Michelle’s Story
My junior year of college was my first suicide attempt. I would classify it as a cry for help, not a true attempt. I had no plan, my roommates were home and I was intoxicated. I did not just want attention, I needed it. I went into the bathroom with a razor and when my roommates broke into the room I cried in relief. My mom drove out, picked me up and put me right into intense therapy. I had also been suffering from bulimia since age 15 that had been escalating while away at school. I turned to working through my eating disorder, not realizing at the time that it was all related. I was always doing anything to escape the pain of my emotions. From that point forward, I had this deep nagging voice inside that told me suicide would ultimately be my demise if I ever got over the fear of the act, thankfully I was always too scared as I still had hope.
Fast forward, after years of medication trials, different types of therapy and reaching a point where the side effects of medications outweighed the problems they were prescribed for. My life became of slew of side effects and more medications to treat the side effects. Those of us with mental illness like to refer to these as “med cocktails.”
I started to tire of all the doctor, therapy appointments and side effects, while still struggling with low moods regularly. The day Amy Winehouse died I was watching the news coverage and all I could think of was how lucky she was that she was finally out of her pain. Impulsively, I took an overdose of sleeping pills and benzodiazepines. I sent a few “I love you texts” and someone who knew of my struggles and had family experience with suicide took that random text as a hint and called police to do a wellness check on me. I was taken to the ER. It turned out I did not take enough pills to do the job, the ER actually let me leave.
A month later I sunk even lower, I gave up. I was done fighting my inner demons that tried to hold me down and hold me back. I was so tired of fighting.
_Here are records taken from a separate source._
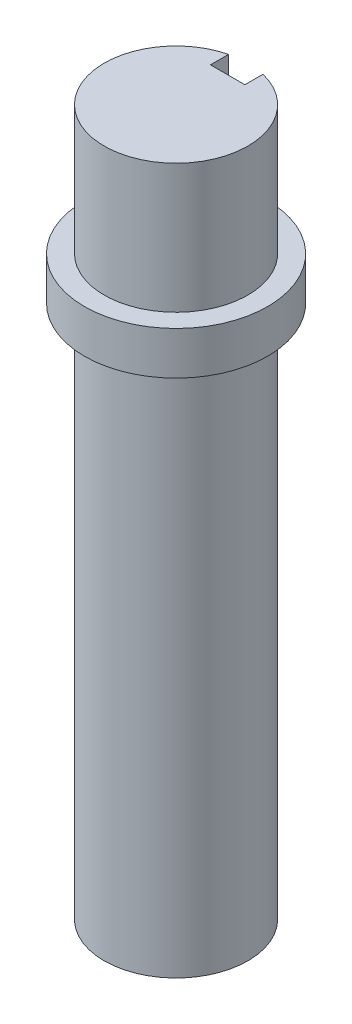
SolidWorks part; units mm, degrees
ref_plane "Front Plane" through (0, 0, 0) normal (0, 0, 1) x (1, 0, 0)
ref_plane "Top Plane" through (0, 0, 0) normal (0, 1, 0) x (1, 0, 0)
ref_plane "Right Plane" through (0, 0, 0) normal (1, 0, 0) x (0, 0, -1)
sketch "Sketch1" plane through (0, 0, 0) normal (0, 1, 0) x (1, 0, 0)
  circle A0 centre (0, 0) radius 8.35
  dimension "D1" = 16.7
extrude "Boss-Extrude1" add sketch "Sketch1" along normal blind 82
ref_plane "Plane1" through (0, 62, 0) normal (0, 1, 0) x (1, 0, 0)
sketch "Sketch2" plane through (0, 62, 0) normal (0, 1, 0) x (1, 0, 0)
  circle A0 centre (0, 0) radius 10.65
  dimension "D1" = 21.3
extrude "Boss-Extrude2" add sketch "Sketch2" along normal blind 5
sketch "Sketch3" plane through (0, 82, 0) normal (0, 1, 0) x (1, 0, 0)
  line L1 (2, 6) -> (-2, 6)
  line L2 (2, 6) -> (2, 14.4426)
  line L3 (2, 14.4426) -> (-2, 14.4426)
  line L4 (-2, 6) -> (-2, 14.4426)
  point P4 (0, 6)
  dimension "D1" = 6
  dimension "D2" = 4
extrude "Cut-Extrude1" cut sketch "Sketch3" against normal up to surface (15 mm away) up to face at (0, 67, 8.35)

I felt I was a burden and saw no other way out of the pain. It was not selfishness, in my mind it was truly the answer to alleviate my pain and the pain I burdened others with. I wrote a suicide note, I surrounded myself with photos of people I love and took a much more intense overdose. I lay next to my cat, crying that he would never see me awake again. I attempted suicide. There was no turning back from that act. I sent one friend an “I love you” text once the drugs had reached a point of intoxication and I passed out. He had learned from my precious attempt what to do. He called the police. My doorman knew me well and witness my first attempt and let the police in.13 days later, 2 on a medical floor and 11 on a locked psychiatric ward, four years later, countless therapy sessions and I still have not fully recovered. My depression actually got worse and was combined with shame, fear and embarrassment that created a deep oozing wound that never seems to fully heal.
It is hard to look in the mirror daily knowing that the person staring back at me tried to kill me. Imagine that.
Look beyond for a moment from the pain it causes loved ones, but the pain it causes to oneself when you have already suffered most of your life. Knowing that you woke up when you wanted to die and now need to rebuild your own belief system regarding, yourself. Rebuild the ability for others to trust you not to repeat your actions; try to protect the hearts of loved ones. Rebuild the strength to fight the unending battle yet again. While feeling like Bambi and feeling like you have to hide what you did.